Whereupon Mr. Budge did what, for his butler-self majestically moving in the Hall, would have seemed an insane thing. He climbed the stile, bending low, and began to move up across the slope of the meadow towards the Hag's Nook. And it is to be recorded that his heart suddenly sang.
It was still squashy from the recent rain. He had to climb the slope in full moonlight, and too late he remembered that he could have approached the Hag's Nook by a more circuitous route. Still, it was done now. He found himself puffing, with little saw-like cuts being drawn up and down in his throat; and he was hot and damp. Then, with an obedience which an eighteenth-century Budge would have accepted without thanks and even without comment, the moon slid behind a cloud.
He found himself on the edge of the Hag's Nook. There was a beech tree ahead, against which he leaned with a feeling as though his bowler were tightening against his brain, and a throat sore from running. He panted now.
This was mad.
Never mind the adventurer Budge. This was mad.
Ahead, the gleam showed again. He could see it near the well, some twenty or thirty feet ahead, through the twisted boles of trees. It flashed as though for a signal. Evidently in reply, another gleam winked out high above and away.

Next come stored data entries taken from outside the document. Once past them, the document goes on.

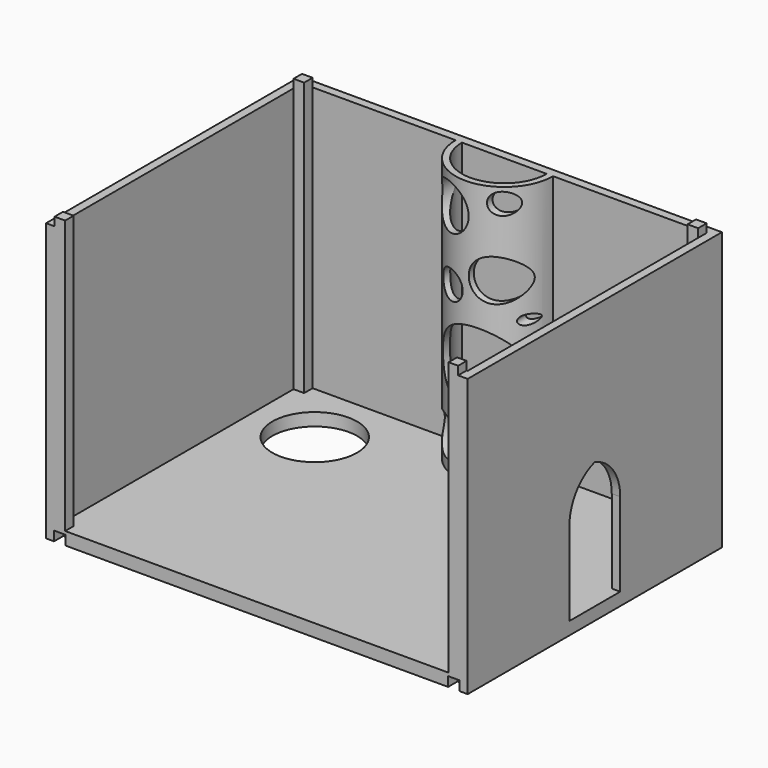
from build123d import *

# Parameters (mm, degrees)
F0_W      = 5
F0_H      = 5
F1_DEPTH  = 125
F2_DEPTH  = 6
F3_W      = 5
F3_H      = 5
F3_W_2    = 4.5
F4_DEPTH  = 4
F5_W      = 5.5
F5_H      = 5.5
F6_DEPTH  = 4.5
F5_R      = 20
F7_DEPTH  = 25
F9_DEPTH  = 25
F10_R     = 10.5485016942
F10_R_2   = 5.0535829712
F10_R_3   = 9.8754590545
F10_R_4   = 17.8823064921
F10_R_5   = 6.6595132661
F10_R_6   = 2.2824643728
F10_R_7   = 8.9411528958
F10_R_8   = 4.3120053672
F11_DEPTH = 97.8


with BuildPart() as f1:
    # F0 (on Top) → F1 (new body)
    with BuildSketch(Plane.XY):
        with BuildLine():
            Line((97.9463080764, 94.0890025382), (-101.0536919236, 94.0890025382))
            Line((-101.0536919236, 94.0890025382), (-101.0536919236, -55.9109974618))
            Line((-101.0536919236, -55.9109974618), (-97.0536919236, -55.9109974618))
            Line((-97.0536919236, -55.9109974618), (-97.0536919236, -50.9109974618))
            Line((-97.0536919236, -50.9109974618), (-97.0536919236, 85.0890025382))
            Line((-97.0536919236, 85.0890025382), (-97.0536919236, 90.0890025382))
            Line((-97.0536919236, 90.0890025382), (-92.0536919236, 90.0890025382))
            Line((-92.0536919236, 90.0890025382), (-24.5536919236, 90.0890025382))
            ThreePointArc((-24.5536919236, 90.0890025382), (-1.5536919236, 67.0890025382), (21.4463080764, 90.0890025382))
            Line((21.4463080764, 90.0890025382), (88.9463080764, 90.0890025382))
            Line((88.9463080764, 90.0890025382), (93.9463080764, 90.0890025382))
            Line((93.9463080764, 90.0890025382), (93.9463080764, 85.0890025382))
            Line((93.9463080764, 85.0890025382), (93.9463080764, -50.9109974618))
            Line((93.9463080764, -50.9109974618), (93.9463080764, -55.9109974618))
            Line((93.9463080764, -55.9109974618), (97.9463080764, -55.9109974618))
            Line((97.9463080764, -55.9109974618), (97.9463080764, 94.0890025382))
        make_face()
        with BuildLine():
            ThreePointArc((18.4463080764, 90.0890025382), (-1.5536919236, 70.0890025382), (-21.5536919236, 90.0890025382))
            Line((-21.5536919236, 90.0890025382), (18.4463080764, 90.0890025382))
        make_face(mode=Mode.SUBTRACT)
        with Locations((-94.5536919236, -53.4109974618)):
            Rectangle(F0_W, F0_H)
        with Locations((91.4463080764, -53.4109974618)):
            Rectangle(F0_W, F0_H)
        with Locations((91.4463080764, 87.5890025382)):
            Rectangle(F0_W, F0_H)
        with Locations((-94.5536919236, 87.5890025382)):
            Rectangle(F0_W, F0_H)
    extrude(amount=F1_DEPTH)

    # F0 (on Top) → F2 (join)
    with BuildSketch(Plane.XY):
        with BuildLine():
            Line((97.9463080764, 94.0890025382), (-101.0536919236, 94.0890025382))
            Line((-101.0536919236, 94.0890025382), (-101.0536919236, -55.9109974618))
            Line((-101.0536919236, -55.9109974618), (-97.0536919236, -55.9109974618))
            Line((-97.0536919236, -55.9109974618), (-97.0536919236, -50.9109974618))
            Line((-97.0536919236, -50.9109974618), (-97.0536919236, 85.0890025382))
            Line((-97.0536919236, 85.0890025382), (-97.0536919236, 90.0890025382))
            Line((-97.0536919236, 90.0890025382), (-92.0536919236, 90.0890025382))
            Line((-92.0536919236, 90.0890025382), (-24.5536919236, 90.0890025382))
            ThreePointArc((-24.5536919236, 90.0890025382), (-1.5536919236, 67.0890025382), (21.4463080764, 90.0890025382))
            Line((21.4463080764, 90.0890025382), (88.9463080764, 90.0890025382))
            Line((88.9463080764, 90.0890025382), (93.9463080764, 90.0890025382))
            Line((93.9463080764, 90.0890025382), (93.9463080764, 85.0890025382))
            Line((93.9463080764, 85.0890025382), (93.9463080764, -50.9109974618))
            Line((93.9463080764, -50.9109974618), (93.9463080764, -55.9109974618))
            Line((93.9463080764, -55.9109974618), (97.9463080764, -55.9109974618))
            Line((97.9463080764, -55.9109974618), (97.9463080764, 94.0890025382))
        make_face()
        with BuildLine():
            ThreePointArc((18.4463080764, 90.0890025382), (-1.5536919236, 70.0890025382), (-21.5536919236, 90.0890025382))
            Line((-21.5536919236, 90.0890025382), (18.4463080764, 90.0890025382))
        make_face(mode=Mode.SUBTRACT)
        with Locations((91.4463080764, -53.4109974618)):
            Rectangle(F0_W, F0_H)
        with Locations((-94.5536919236, -53.4109974618)):
            Rectangle(F0_W, F0_H)
        with Locations((-94.5536919236, 87.5890025382)):
            Rectangle(F0_W, F0_H)
        with Locations((91.4463080764, 87.5890025382)):
            Rectangle(F0_W, F0_H)
        with BuildLine():
            Line((-92.0536919236, -50.9109974618), (-92.0536919236, -55.9109974618))
            Line((-92.0536919236, -55.9109974618), (88.9463080764, -55.9109974618))
            Line((88.9463080764, -55.9109974618), (88.9463080764, -50.9109974618))
            Line((88.9463080764, -50.9109974618), (93.9463080764, -50.9109974618))
            Line((93.9463080764, -50.9109974618), (93.9463080764, 85.0890025382))
            Line((93.9463080764, 85.0890025382), (88.9463080764, 85.0890025382))
            Line((88.9463080764, 85.0890025382), (88.9463080764, 90.0890025382))
            Line((88.9463080764, 90.0890025382), (21.4463080764, 90.0890025382))
            ThreePointArc((21.4463080764, 90.0890025382), (-1.5536919236, 67.0890025382), (-24.5536919236, 90.0890025382))
            Line((-24.5536919236, 90.0890025382), (-92.0536919236, 90.0890025382))
            Line((-92.0536919236, 90.0890025382), (-92.0536919236, 85.0890025382))
            Line((-92.0536919236, 85.0890025382), (-97.0536919236, 85.0890025382))
            Line((-97.0536919236, 85.0890025382), (-97.0536919236, -50.9109974618))
            Line((-97.0536919236, -50.9109974618), (-92.0536919236, -50.9109974618))
        make_face()
    extrude(amount=-F2_DEPTH)

    # F3 (on face) → F4 (join)
    with BuildSketch(Plane.XY.offset(125)):
        with Locations((-94.5536919236, 87.5890025382)):
            Rectangle(F3_W, F3_H)
        with Locations((91.1963080764, -53.4109974618)):
            Rectangle(F3_W_2, F3_H)
        with Locations((91.4463080764, 87.5890025382)):
            Rectangle(F3_W, F3_H)
        with Locations((-94.5536919236, -53.4109974618)):
            Rectangle(F3_W, F3_H)
    extrude(amount=F4_DEPTH)

    # F5 (on face) → F6 (cut)
    with BuildSketch(Plane(origin=(0, 0, -6), x_dir=(1, 0, 0), z_dir=(0, 0, -1))):
        with Locations((-94.5536919236, 53.1609974618)):
            Rectangle(F5_W, F5_H)
        with Locations((-94.5536919236, -87.5890025382)):
            Rectangle(F5_W, F5_H)
        with Locations((91.4463080764, 53.1609974618)):
            Rectangle(F5_W, F5_H)
        with Locations((91.4463080764, -87.5890025382)):
            Rectangle(F5_W, F5_H)
    extrude(amount=-F6_DEPTH, mode=Mode.SUBTRACT)

    # F5 (on face) → F7 (cut)
    with BuildSketch(Plane(origin=(0, 0, -6), x_dir=(1, 0, 0), z_dir=(0, 0, -1))):
        with Locations((-67.0536919236, -60.0890025382)):
            Circle(F5_R)
    extrude(amount=-F7_DEPTH, mode=Mode.SUBTRACT)

    # F8 (on face) → F9 (cut)
    with BuildSketch(Plane.YZ.offset(97.9463080764)):
        with BuildLine():
            Line((4.0890025382, 39.4580720926), (4.0890025382, 0))
            Line((4.0890025382, 0), (19.0890025382, 0))
            Line((19.0890025382, 0), (19.0890025382, 60))
            ThreePointArc((19.0890025382, 60), (8.2381396963, 52.1758824599), (4.0890025382, 39.4580720926))
        make_face()
        with BuildLine():
            Line((19.0890025382, 60), (19.0890025382, 0))
            Line((19.0890025382, 0), (34.0890025382, 0))
            Line((34.0890025382, 0), (34.0890025382, 39.4580720926))
            ThreePointArc((34.0890025382, 39.4580720926), (29.9398653801, 52.1758824599), (19.0890025382, 60))
        make_face()
    extrude(amount=-F9_DEPTH, mode=Mode.SUBTRACT)

    # F10 (on face) → F11 (cut)
    with BuildSketch(Plane.XZ.offset(-90.0890025382)):
        with Locations((-10.5643654242, 110.7224822044)):
            Circle(F10_R)
        with Locations((12.2985364869, 117.9848089814)):
            Circle(F10_R_2)
        with Locations((9.877759032, 85.9767496586)):
            Circle(F10_R_3)
        with Locations((1.2705510017, 47.5132800639)):
            Circle(F10_R_4)
        with Locations((-9.4884643331, 78.714415431)):
            Circle(F10_R_5)
        with Locations((18.4463080764, 69.0313056111)):
            Circle(F10_R_6)
        with Locations((-14.0610439703, 13.8913644478)):
            Circle(F10_R_7)
        with Locations((8.2639073953, 14.429314062)):
            Circle(F10_R_8)
    extrude(amount=F11_DEPTH, mode=Mode.SUBTRACT)


solid = f1.part

Budge, craning his neck upwards, could have no doubt: it was from the balcony of the Governor's Room. Somebody had set down a light there. He saw the shadow of a very stout man bending over the railing, and this shadow seemed to be doing something to the rail.
A rope shot downwards, curling and darting with such suddenness that Budge jumped back. Hitting the side of the well with a dull plop, it straggled and then slid over the edge. Fascinated, Budge poked his head forward again. Now the light beside the well had turned into a steady beam; it seemed to be held by a small figure-almost, he thought, like a woman. A face moved into the beam; a face craning upwards, and a hand was waved towards the balcony far above.